As patients surf the web and as employers perhaps no longer choose the health plan for their employees rather giving them a defined contribution to buy their own healthcare, they will become the ultimate consumers. Measures of patient satisfaction and other patient-oriented report cards will assume increasing importance.

With improved availability of data to the public, process and outcomes will improve. Those not capable of achieving the best outcomes will likely either improve or stop doing the procedure. In the next 10 years, process and outcomes will be optimized for a significant proportion of patients with relatively common diseases.
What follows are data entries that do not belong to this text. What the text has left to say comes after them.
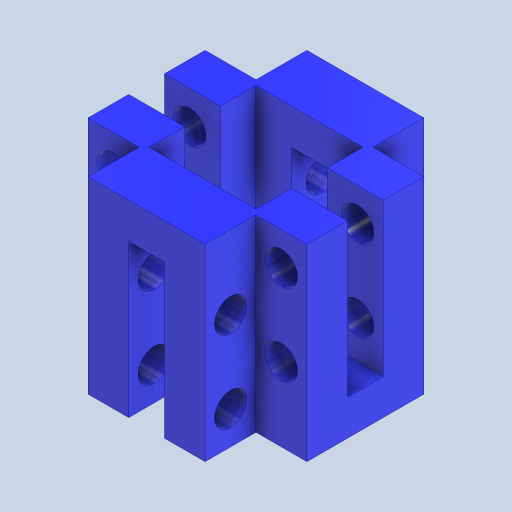
# Autodesk Inventor part: RZvector-Srunit-v2-3DP-Spacer
Saved by Autodesk Inventor 2024 (Build 280153000, 153)
## iProperties
Created: 2024-04-13
Part Number: RZvector-Srunit-v2-3DP-Spacer
Material: ABS プラスチック
Document SubType Name: Modeling
Designer: haruy
Density: 1.06 g/cm^3
Appearance: 青 - 壁塗料 - 光沢
Author: haruy
Autodesk Inventor part; units mm, degrees
ref_plane "YZ Plane" through (0, 0, 0) normal (1, 0, 0) x (0, 1, 0)
derived "RZvector-Srunit-v2-Sketch-Base.ipt"
sketch "正面から" plane through (0, 0, 0) normal (0, 0, 1) x (1, 0, 0)
  line L0 (0, 0) -> (20, 0)
  line L1 (20, 0) -> (20, 80)
  line L2 (20, 80) -> (0, 80)
  line L3 (0, 80) -> (0, 0)
  line L4 (21.5, 92) -> (31.5, 92)
  line L5 (31.5, 92) -> (31.5, 0)
  line L6 (31.5, 0) -> (21.5, 0)
  line L7 (21.5, 0) -> (21.5, 92)
  line L8 (-11.5, 62) -> (-1.5, 62)
  line L9 (-1.5, 62) -> (-1.5, 0)
  line L10 (-1.5, 0) -> (-11.5, 0)
  line L11 (-11.5, 0) -> (-11.5, 62)
  line L12 (-1.5, 24.5) -> (21.5, 24.5)
  line L13 (21.5, 24.5) -> (21.5, 18.5)
  line L14 (21.5, 18.5) -> (-1.5, 18.5)
  line L15 (-1.5, 18.5) -> (-1.5, 24.5)
  line L16 (7.5, 28) -> (12.5, 28)
  line L17 (12.5, 28) -> (12.5, 15)
  line L18 (12.5, 15) -> (7.5, 15)
  line L19 (7.5, 15) -> (7.5, 28)
  circle A0 centre (26.5, 29.5) radius 3
  line L20 (31.5, 15) -> (-189.7387, 15)
  line L21 (-189.7387, 15) -> (-189.7387, 0)
  line L22 (-189.7387, 0) -> (31.5, 0)
  line L23 (31.5, 0) -> (31.5, 15)
  line L24 (31.5, 92) -> (41.5, 92)
  line L25 (41.5, 92) -> (41.5, 62)
  line L26 (41.5, 62) -> (31.5, 62)
  line L27 (31.5, 62) -> (31.5, 92)
  circle A1 centre (26.5, 29.5) radius 6.5
  circle A2 centre (-6.5, 29.5) radius 6.5
  line L28 (21.5, 23) -> (31.5, 23)
  line L29 (21.5, 20) -> (31.5, 20)
  circle A3 centre (26.5, 29.5) radius 1.5
  circle A4 centre (-6.5, 29.5) radius 3
  circle A5 centre (-6.5, 29.5) radius 1.5
  line L30 (-1.5, 40.5) -> (21.5, 40.5)
  line L31 (21.5, 40.5) -> (21.5, 34.5)
  line L32 (21.5, 34.5) -> (-1.5, 34.5)
  line L33 (-1.5, 34.5) -> (-1.5, 40.5)
  line L34 (7.5, 44) -> (12.5, 44)
  line L35 (12.5, 44) -> (12.5, 31)
  line L36 (12.5, 31) -> (7.5, 31)
  line L37 (7.5, 31) -> (7.5, 44)
  circle A6 centre (-6.5, 45.5) radius 6.5
  circle A7 centre (-6.5, 45.5) radius 3
  circle A8 centre (-6.5, 45.5) radius 1.5
  line L38 (-11.5, 62) -> (31.5, 62)
  line L39 (31.5, 62) -> (31.5, 52)
  line L40 (31.5, 52) -> (-11.5, 52)
  line L41 (-11.5, 52) -> (-11.5, 62)
  circle A9 centre (26.5, 45.5) radius 6.5
  circle A10 centre (26.5, 45.5) radius 3
  circle A11 centre (26.5, 45.5) radius 1.5
  line L42 (6.5, 15) -> (6.5, 30)
  line L43 (6.5, 30) -> (13.5, 30)
  line L44 (13.5, 30) -> (13.5, 15)
  line L45 (13.5, 45) -> (6.5, 45)
  line L46 (6.5, 45) -> (6.5, 30)
  line L47 (6.5, 30) -> (13.5, 30)
  line L48 (13.5, 30) -> (13.5, 45)
  point P0 (-1.5, 15)
  point P1 (21.5, 15)
  point P2 (21.5, 52)
  point P3 (-1.5, 52)
  dimension "d2" = 1
  dimension "d3" = 1
  dimension "d4" = 2
  dimension "d5" = 1
  measures "d2" distance between parallel lines of L42 L19
  measures "d3" distance between parallel lines of L17 L44
  measures "d4" distance between parallel lines of L16 L43
  measures "d5" distance between parallel lines of L34 L45
sketch "横から" plane through (0, 0, 0) normal (1, 0, 0) x (0, 1, 0)
  line L0 (0, 0) -> (200, 0)
  line L1 (200, 0) -> (200, -20)
  line L2 (200, -20) -> (0, -20)
  line L3 (0, -20) -> (0, 0)
  circle A0 centre (21.5, 6.5) radius 6.5
  circle A1 centre (21.5, -26.5) radius 6.5
  line L4 (15, 26.5) -> (0, 26.5)
  line L5 (0, 26.5) -> (0, 11.5)
  line L6 (0, 11.5) -> (15, 11.5)
  line L7 (15, 11.5) -> (15, 26.5)
  line L8 (15, -31.5) -> (0, -31.5)
  line L9 (0, -31.5) -> (0, -46.5)
  line L10 (0, -46.5) -> (15, -46.5)
  line L11 (15, -46.5) -> (15, -31.5)
  line L12 (62, 11.5) -> (0, 11.5)
  line L13 (0, 11.5) -> (0, 1.5)
  line L14 (0, 1.5) -> (62, 1.5)
  line L15 (62, 1.5) -> (62, 11.5)
  line L16 (62, -21.5) -> (0, -21.5)
  line L17 (0, -21.5) -> (0, -31.5)
  line L18 (0, -31.5) -> (62, -31.5)
  line L19 (62, -31.5) -> (62, -21.5)
  line L20 (36, -7.5) -> (23, -7.5)
  line L21 (23, -7.5) -> (23, -12.5)
  line L22 (23, -12.5) -> (36, -12.5)
  line L23 (36, -12.5) -> (36, -7.5)
  line L24 (92, 11.5) -> (62, 11.5)
  line L25 (62, 11.5) -> (62, -31.5)
  line L26 (62, -31.5) -> (92, -31.5)
  line L27 (92, -31.5) -> (92, 11.5)
  circle A2 centre (37.5, 6.5) radius 6.5
  circle A3 centre (37.5, -26.5) radius 6.5
  line L28 (52, -7.5) -> (39, -7.5)
  line L29 (39, -7.5) -> (39, -12.5)
  line L30 (39, -12.5) -> (52, -12.5)
  line L31 (52, -12.5) -> (52, -7.5)
  point P0 (62, -26.5)
extrude "押し出し1" add sketch "正面から" along normal blind 10 contours L20 L9 L14 L3 | L3 L14 L42 L20 | L20 L44 L14 L1 | L1 L14 L7 L20 | L14 L9 L12 L3 | L3 L12 L42 L14 | L14 L44 L12 L1 | L1 L12 L7 L14 | L12 L9 A2 L3 | L3 L32 L46 L42 L12 | L12 L44 L48 L32 L1 | L1 A1 L7 L12 | A2 L9 L32 L3 | A2 L9 | L1 L32 L7 A1 | A1 L7 | L32 L9 L30 L3 | L3 L30 L46 L32 | L32 L48 L30 L1 | L1 L30 L7 L32 | L30 L9 A6 L3 | L3 L40 L1 L30 L48 L45 L46 | L1 A9 L7 L30 | A6 L9 L40 L3 | A6 L9 | L1 L40 L7 A9 | A9 L7
ref_plane "作業平面1" through (21.5, 52, -11.5) normal (0, 0, -1) x (-1, 0, 0)
mirror "ミラー1" about plane through (21.5, 52, -11.5) normal (0, 0, -1) of "押し出し1"
sketch "スケッチ4" plane through (21.5, 15, 0) normal (1, 0, 0) x (0, 0, -1)
  line L0 (9, 21) -> (14, 21)
  line L1 (14, 21) -> (14, 8)
  line L2 (14, 8) -> (9, 8)
  line L3 (9, 8) -> (9, 21)
  line L4 (9, 37) -> (14, 37)
  line L5 (14, 37) -> (14, 24)
  line L6 (14, 24) -> (9, 24)
  line L7 (9, 24) -> (9, 37)
  line L8 (23, 37) -> (33, 37) projected
  line L9 (23, 0) -> (23, 37) projected
  line L10 (0, 37) -> (0, 0) projected
  line L11 (0, 37) -> (23, 37)
  line L12 (23, 37) -> (23, 0)
  line L13 (23, 0) -> (0, 0)
  line L14 (0, 0) -> (0, 37)
  line L15 (15, 22) -> (8, 22)
  line L16 (8, 22) -> (8, 7)
  line L17 (8, 7) -> (15, 7)
  line L18 (15, 7) -> (15, 22)
  line L19 (8, 37) -> (8, 22)
  line L20 (8, 22) -> (15, 22)
  line L21 (15, 22) -> (15, 37)
  point P0 (0, -15)
  point P1 (0, 0)
  dimension "d9" = 5
  dimension "d10" = 13
  dimension "d11" = 5
  dimension "d12" = 13
  dimension "d13" = 0
  dimension "d14" = 9
  dimension "d15" = 9
  dimension "d16" = 3
  dimension "d17" = 1
  dimension "d18" = 1
  dimension "d19" = 2
  dimension "d20" = 1
  constraints: 38 end point, 8 parallel, 6 perpendicular, 3 horizontal, 2 point on line, 1 vertical, 3 other
  measures "d9" distance of L1.end L2.end
  measures "d10" distance of L0.end L1.end
  measures "d11" distance of L5.end L6.end
  measures "d12" distance of L4.end L5.end
  measures "d13" distance between parallel lines of L4 L8
  measures "d14" distance between parallel lines of L5 L9
  measures "d15" distance between parallel lines of L1 L9
  measures "d16" distance between parallel lines of L6 L0
  measures "d17" distance between parallel lines of L0 L15
  measures "d18" distance between parallel lines of L19 L7
  measures "d19" distance between parallel lines of L20 L6
  measures "d20" distance between parallel lines of L21 L5
extrude "押し出し2" add sketch "スケッチ4" along normal blind 10 contours L19 L16 L17 L18 L21 L11 L9 L13 L10
ref_plane "作業平面2" through (10, 15, 0) normal (-1, 0, 0) x (0, 0, 1)
mirror "ミラー2" about plane through (10, 15, 0) normal (-1, 0, 0) of "押し出し2"
sketch "スケッチ5" plane through (-1.5, 15, 0) normal (0, 0, 1) x (1, 0, 0)
  line L0 (0, 37) -> (-10, 37) projected
  line L1 (-10, 37) -> (-10, 0) projected
  line L2 (33, 37) -> (33, 0) projected
  line L3 (23, 37) -> (33, 37) projected
  point P0 (1.5, -15)
  point P1 (-5, 30.5)
  point P2 (-5, 14.5)
  point P3 (28, 30.5)
  point P4 (28, 14.5)
  dimension "d25" = 6.5
  dimension "d26" = 5
  dimension "d27" = 16
  dimension "d28" = 5
  dimension "d29" = 5
  dimension "d30" = 6.5
  dimension "d31" = 16
  dimension "d32" = 5
  measures "d25" distance from line of point (-5, 30.5) L0
  measures "d26" distance from line of L1 point (-5, 30.5)
  measures "d27" distance of point (-5, 14.5) point (-5, 30.5)
  measures "d28" distance from line of point (-5, 14.5) L1
  measures "d29" distance from line of L2 point (28, 30.5)
  measures "d30" distance from line of point (28, 30.5) L3
  measures "d31" distance of point (28, 14.5) point (28, 30.5)
  measures "d32" distance from line of point (28, 14.5) L2
hole "穴1" at (-6.5, 45.5, 0) at (-6.5, 29.5, 0) at (26.5, 45.5, 0) at (26.5, 29.5, 0) direction (0, 0, -1) diameter 6.3 end through all
sketch "スケッチ6" plane through (21.5, 15, 10) normal (1, 0, 0) x (0, 0, -1)
  line L0 (0, 0) -> (0, 37) projected
  line L1 (10, 0) -> (0, 0) projected
  line L2 (43, 0) -> (43, 37) projected
  line L3 (33, 0) -> (43, 0) projected
  point P0 (10, -15)
  point P1 (5, 6.5)
  point P2 (5, 22.5)
  point P3 (38, 22.5)
  point P4 (38, 6.5)
  dimension "d40" = 5
  dimension "d41" = 5
  dimension "d42" = 6.5
  dimension "d43" = 16
  dimension "d44" = 5
  dimension "d45" = 5
  dimension "d46" = 6.5
  dimension "d47" = 16
  measures "d40" distance from line of L0 point (5, 6.5)
  measures "d41" distance from line of L0 point (5, 22.5)
  measures "d42" distance from line of point (5, 6.5) L1
  measures "d43" distance of point (5, 22.5) point (5, 6.5)
  measures "d44" distance from line of L2 point (38, 6.5)
  measures "d45" distance from line of point (38, 22.5) L2
  measures "d46" distance from line of point (38, 6.5) L3
  measures "d47" distance of point (38, 22.5) point (38, 6.5)
hole "穴2" at (21.5, 21.5, 5) at (21.5, 37.5, 5) at (21.5, 37.5, -28) at (21.5, 21.5, -28) direction (-1, 0, 0) diameter 6.3 end through all
sketch "スケッチ7" plane through (-1.5, 52, -33) normal (0, 1, 0) x (1, 0, 0)
  line L0 (1.5, -31.5) -> (21.5, -31.5)
  line L1 (21.5, -31.5) -> (21.5, -11.5)
  line L2 (21.5, -11.5) -> (1.5, -11.5)
  line L3 (1.5, -11.5) -> (1.5, -31.5)
  line L4 (23, -10) -> (0, -10) projected
  line L5 (0, -10) -> (0, -18) projected
  line L6 (1, -11) -> (22, -11)
  line L7 (22, -11) -> (22, -32)
  line L8 (22, -32) -> (1, -32)
  line L9 (1, -32) -> (1, -11)
  line L10 (23, -25) -> (23, -33) projected
  line L11 (0, -10) -> (23, -10)
  line L12 (23, -10) -> (23, -33)
  line L13 (23, -33) -> (0, -33)
  line L14 (0, -33) -> (0, -10)
  point P0 (1.5, -33)
  dimension "d55" = 20
  dimension "d56" = 20
  dimension "d57" = 1.5
  dimension "d58" = 1.5
  dimension "d59" = 0.5
  constraints: 24 end point, 6 parallel, 3 perpendicular, 2 horizontal, 3 other
  measures "d55" distance of L2.end L1.end
  measures "d56" distance of L2.end L0.start
  measures "d57" distance between parallel lines of L2 L4
  measures "d58" distance between parallel lines of L5 L3
  measures "d59" distance between parallel lines of L2 L6
extrude "押し出し3" add sketch "スケッチ7" against normal up to surface (37 mm away) contours L12 L10 L13 L14 L5 L4
sketch "スケッチ8" plane through (-1.5, 52, 10) normal (0, 0, 1) x (1, 0, 0)
  line L0 (8, -7) -> (15, -7) projected
  line L1 (15, -7) -> (15, -22) projected
  line L2 (8, -7) -> (15, -7)
  line L3 (15, -7) -> (15, -22)
  line L4 (15, -22) -> (8, -22)
  line L5 (8, -22) -> (8, -7)
  line L6 (15, -37) -> (8, -37) projected
  line L7 (8, -23) -> (15, -23) projected
  line L8 (15, -37) -> (8, -37)
  line L9 (8, -37) -> (8, -23)
  line L10 (8, -23) -> (15, -23)
  line L11 (15, -23) -> (15, -37)
  line L12 (8, -23) -> (15, -23)
  line L13 (15, -23) -> (15, -22)
  line L14 (15, -22) -> (8, -22)
  line L15 (8, -22) -> (8, -23)
  point P0 (1.5, -52)
  constraints: 24 end point, 6 parallel, 3 horizontal, 3 perpendicular
extrude "押し出し4" cut sketch "スケッチ8" against normal through all
sketch "スケッチ9" plane through (31.5, 15, 0) normal (1, 0, 0) x (0, 0, -1)
  line L0 (15, 37) -> (8, 37) projected
  line L1 (14.5, 37) -> (14.5, 23.5) projected
  line L2 (8, 37) -> (14.5, 37)
  line L3 (14.5, 37) -> (14.5, 23.5)
  line L4 (14.5, 23.5) -> (8, 23.5)
  line L5 (8, 23.5) -> (8, 37)
  line L6 (8.5, 7) -> (8.5, 21.5) projected
  line L7 (15, 7) -> (8, 7) projected
  line L8 (8.5, 21.5) -> (15, 21.5)
  line L9 (15, 21.5) -> (15, 7)
  line L10 (15, 7) -> (8.5, 7)
  line L11 (8.5, 7) -> (8.5, 21.5)
  line L12 (15, 7) -> (8, 7)
  line L13 (8, 7) -> (8, 23.5)
  line L14 (8, 23.5) -> (15, 23.5)
  line L15 (15, 23.5) -> (15, 7)
  line L16 (8, 37) -> (15, 37)
  line L17 (15, 37) -> (15, 23.5)
  line L18 (15, 23.5) -> (8, 23.5)
  line L19 (8, 23.5) -> (8, 37)
  point P0 (0, -15)
  constraints: 32 end point, 8 parallel, 4 horizontal, 4 perpendicular, 2 other
extrude "押し出し5" cut sketch "スケッチ9" against normal through all
equation "\"d28\" = d26"
equation "\"d32\" = d29"
equation "\"d41\" = d40"
equation "\"d44\" = d40"
equation "\"d45\" = d40"
equation "\"d46\" = d42"
equation "\"d47\" = d43"

As care for many patients becomes more regularized and process and outcomes data become more similar, competition among practitioners will be based less on who has the best outcomes for common diseases and more on ability to innovate: developing the best care delivery models for patients with common diseases or developing new strategies for patients with uncommon diseases or presentations.

While it is clear that in addition to more efficient billing, less wasteful tests and procedures will be done as better information on appropriate care becomes available, and more efficient care models will emerge with technology for care of patients at home, these improvements will be dwarfed by increasing costs.

As costs rise, the major payers in the private system, the employers, will attempt to reduce their costs by reducing coverage and increasing the burden to the employee. As premiums continue to increase, workers will be less able to afford even basic health insurance, and the ranks of the uninsured are likely to increase.

All providers are being paid approximately the same amount by the majority of payers, whether the government or private insurers. As costs increase, health plans will pay the increases to those they must and reduce payments to the others.

The costs for employers will continue to rise, causing many to desire exiting the healthcare business; the number of uninsured people will also continue to increase with a widening gap between what can be afforded and what is available.